======== Record extracts ========

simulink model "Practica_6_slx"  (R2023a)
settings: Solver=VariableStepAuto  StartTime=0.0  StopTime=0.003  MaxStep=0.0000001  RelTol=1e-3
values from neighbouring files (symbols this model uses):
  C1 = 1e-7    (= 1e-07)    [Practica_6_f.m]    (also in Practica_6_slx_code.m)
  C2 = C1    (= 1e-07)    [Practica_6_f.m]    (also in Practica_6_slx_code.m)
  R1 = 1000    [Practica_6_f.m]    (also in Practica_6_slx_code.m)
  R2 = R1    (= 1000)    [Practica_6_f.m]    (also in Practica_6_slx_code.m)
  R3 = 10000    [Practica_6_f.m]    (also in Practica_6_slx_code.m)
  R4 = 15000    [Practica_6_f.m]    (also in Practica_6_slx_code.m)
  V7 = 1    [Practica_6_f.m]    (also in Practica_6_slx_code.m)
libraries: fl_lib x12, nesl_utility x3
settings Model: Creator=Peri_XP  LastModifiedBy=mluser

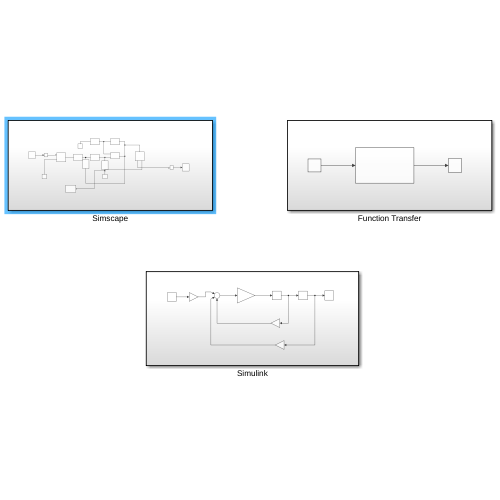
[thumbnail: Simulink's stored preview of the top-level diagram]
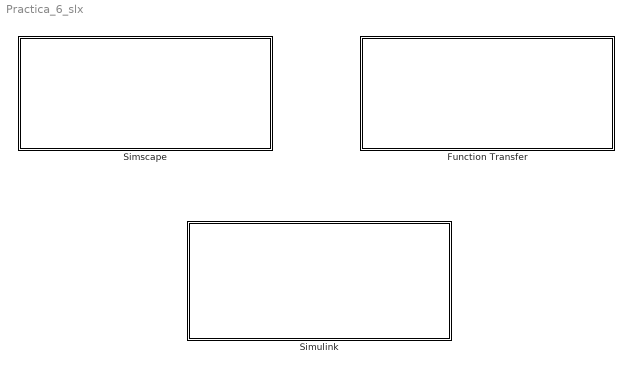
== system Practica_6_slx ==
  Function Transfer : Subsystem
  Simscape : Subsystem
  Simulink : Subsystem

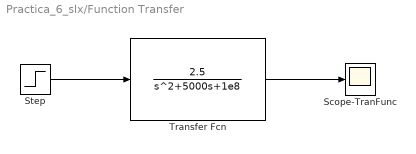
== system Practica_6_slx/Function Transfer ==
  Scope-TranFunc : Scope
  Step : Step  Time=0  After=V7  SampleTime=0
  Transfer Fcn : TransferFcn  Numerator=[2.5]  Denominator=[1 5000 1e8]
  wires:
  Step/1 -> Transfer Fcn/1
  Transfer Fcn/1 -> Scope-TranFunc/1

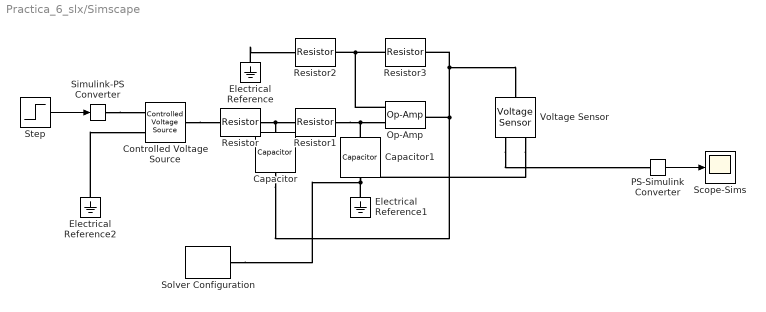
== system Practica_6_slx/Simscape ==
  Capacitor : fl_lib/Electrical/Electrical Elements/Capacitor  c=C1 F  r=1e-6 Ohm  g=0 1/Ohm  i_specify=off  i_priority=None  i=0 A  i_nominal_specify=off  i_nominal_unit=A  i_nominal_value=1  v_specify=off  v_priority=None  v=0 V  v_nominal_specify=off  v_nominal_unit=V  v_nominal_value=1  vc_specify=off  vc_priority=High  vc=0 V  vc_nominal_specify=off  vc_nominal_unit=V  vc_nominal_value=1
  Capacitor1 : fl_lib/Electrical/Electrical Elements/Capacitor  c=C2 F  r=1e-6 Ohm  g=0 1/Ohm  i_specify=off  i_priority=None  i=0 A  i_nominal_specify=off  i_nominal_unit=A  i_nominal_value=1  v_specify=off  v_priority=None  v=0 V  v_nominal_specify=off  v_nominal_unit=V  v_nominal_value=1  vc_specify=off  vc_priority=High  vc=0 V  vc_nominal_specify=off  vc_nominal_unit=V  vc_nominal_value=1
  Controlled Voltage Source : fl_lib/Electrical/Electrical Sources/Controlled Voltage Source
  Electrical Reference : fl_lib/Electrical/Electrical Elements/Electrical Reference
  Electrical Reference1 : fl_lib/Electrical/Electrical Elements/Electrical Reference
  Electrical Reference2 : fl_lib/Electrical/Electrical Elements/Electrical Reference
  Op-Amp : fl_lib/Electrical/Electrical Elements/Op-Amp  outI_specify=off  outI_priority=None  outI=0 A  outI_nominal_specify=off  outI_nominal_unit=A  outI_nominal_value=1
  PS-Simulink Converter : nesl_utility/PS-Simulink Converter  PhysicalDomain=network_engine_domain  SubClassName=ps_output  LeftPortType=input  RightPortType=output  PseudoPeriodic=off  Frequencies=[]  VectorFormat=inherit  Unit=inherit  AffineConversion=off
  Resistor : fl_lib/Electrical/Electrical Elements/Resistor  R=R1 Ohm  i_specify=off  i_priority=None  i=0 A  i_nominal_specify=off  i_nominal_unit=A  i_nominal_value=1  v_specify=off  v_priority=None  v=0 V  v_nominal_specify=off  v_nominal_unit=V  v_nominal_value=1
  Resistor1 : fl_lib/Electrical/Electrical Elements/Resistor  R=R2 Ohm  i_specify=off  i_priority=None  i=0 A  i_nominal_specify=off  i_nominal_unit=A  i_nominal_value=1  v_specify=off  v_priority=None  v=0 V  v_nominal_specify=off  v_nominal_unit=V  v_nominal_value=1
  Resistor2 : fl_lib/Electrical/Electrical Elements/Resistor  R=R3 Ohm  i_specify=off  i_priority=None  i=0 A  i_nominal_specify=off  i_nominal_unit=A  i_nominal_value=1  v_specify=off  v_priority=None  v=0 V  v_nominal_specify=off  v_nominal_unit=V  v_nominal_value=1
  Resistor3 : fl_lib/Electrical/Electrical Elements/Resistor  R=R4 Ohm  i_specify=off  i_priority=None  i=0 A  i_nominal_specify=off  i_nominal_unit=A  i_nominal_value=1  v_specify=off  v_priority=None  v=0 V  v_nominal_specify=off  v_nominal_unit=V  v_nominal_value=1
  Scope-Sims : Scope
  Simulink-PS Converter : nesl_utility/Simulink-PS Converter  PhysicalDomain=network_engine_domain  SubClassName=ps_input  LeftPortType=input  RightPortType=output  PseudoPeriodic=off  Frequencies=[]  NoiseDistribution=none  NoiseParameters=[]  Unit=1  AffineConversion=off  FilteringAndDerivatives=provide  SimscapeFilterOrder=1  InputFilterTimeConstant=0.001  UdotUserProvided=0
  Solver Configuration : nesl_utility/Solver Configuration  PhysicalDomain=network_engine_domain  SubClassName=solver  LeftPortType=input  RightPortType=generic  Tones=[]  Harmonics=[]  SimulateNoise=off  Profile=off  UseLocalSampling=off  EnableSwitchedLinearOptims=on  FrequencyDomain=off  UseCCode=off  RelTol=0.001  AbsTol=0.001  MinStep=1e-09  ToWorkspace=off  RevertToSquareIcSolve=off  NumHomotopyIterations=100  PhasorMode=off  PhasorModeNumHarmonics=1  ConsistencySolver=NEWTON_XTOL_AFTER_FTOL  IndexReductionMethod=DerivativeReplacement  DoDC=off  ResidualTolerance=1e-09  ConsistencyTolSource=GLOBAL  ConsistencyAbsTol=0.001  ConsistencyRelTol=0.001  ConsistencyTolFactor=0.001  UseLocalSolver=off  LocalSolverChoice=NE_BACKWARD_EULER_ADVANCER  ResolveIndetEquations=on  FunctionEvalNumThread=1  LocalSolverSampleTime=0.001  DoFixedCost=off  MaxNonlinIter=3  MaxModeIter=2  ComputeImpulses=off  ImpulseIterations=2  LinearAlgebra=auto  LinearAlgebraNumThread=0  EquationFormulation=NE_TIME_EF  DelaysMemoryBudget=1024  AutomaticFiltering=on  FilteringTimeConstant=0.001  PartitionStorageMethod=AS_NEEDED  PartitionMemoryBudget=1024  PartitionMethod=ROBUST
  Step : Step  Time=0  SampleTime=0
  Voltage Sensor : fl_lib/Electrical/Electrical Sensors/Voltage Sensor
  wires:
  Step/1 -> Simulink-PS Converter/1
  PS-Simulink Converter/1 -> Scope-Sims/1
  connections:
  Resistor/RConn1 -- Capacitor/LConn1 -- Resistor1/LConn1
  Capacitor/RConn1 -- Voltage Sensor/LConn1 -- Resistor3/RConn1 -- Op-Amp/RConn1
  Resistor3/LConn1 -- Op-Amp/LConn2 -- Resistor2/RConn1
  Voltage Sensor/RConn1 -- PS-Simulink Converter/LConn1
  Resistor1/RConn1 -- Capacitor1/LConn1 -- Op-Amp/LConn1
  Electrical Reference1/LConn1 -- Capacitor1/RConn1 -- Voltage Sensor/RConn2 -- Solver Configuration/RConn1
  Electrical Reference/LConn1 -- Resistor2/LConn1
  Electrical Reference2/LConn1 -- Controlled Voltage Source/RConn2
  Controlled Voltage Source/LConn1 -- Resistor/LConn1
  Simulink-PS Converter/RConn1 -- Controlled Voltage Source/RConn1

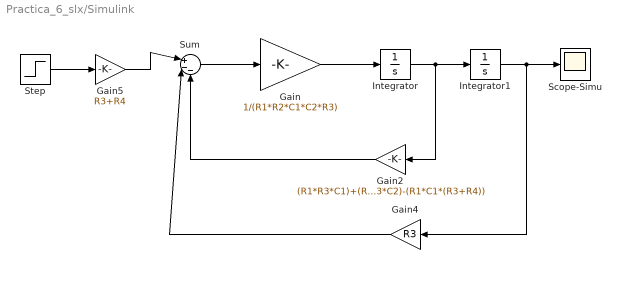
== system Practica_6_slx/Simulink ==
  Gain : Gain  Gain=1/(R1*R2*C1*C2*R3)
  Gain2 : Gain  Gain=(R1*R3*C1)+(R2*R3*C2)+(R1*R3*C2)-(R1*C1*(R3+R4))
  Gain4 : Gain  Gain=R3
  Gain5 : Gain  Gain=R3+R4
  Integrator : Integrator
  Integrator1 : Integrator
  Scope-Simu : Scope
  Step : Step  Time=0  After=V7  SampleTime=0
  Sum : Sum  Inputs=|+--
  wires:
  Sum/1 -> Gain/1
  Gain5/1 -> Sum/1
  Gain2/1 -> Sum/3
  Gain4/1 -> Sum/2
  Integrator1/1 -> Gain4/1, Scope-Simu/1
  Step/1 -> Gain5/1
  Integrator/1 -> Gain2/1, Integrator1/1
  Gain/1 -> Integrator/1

========

* What needs to be done: Everything from the line containing "Integrator1/1 -> Gain4/1, Scope-Simu/1" through the last line above should be set down exactly; include no other lines.

* Output for this task:
  Integrator1/1 -> Gain4/1, Scope-Simu/1
  Step/1 -> Gain5/1
  Integrator/1 -> Gain2/1, Integrator1/1
  Gain/1 -> Integrator/1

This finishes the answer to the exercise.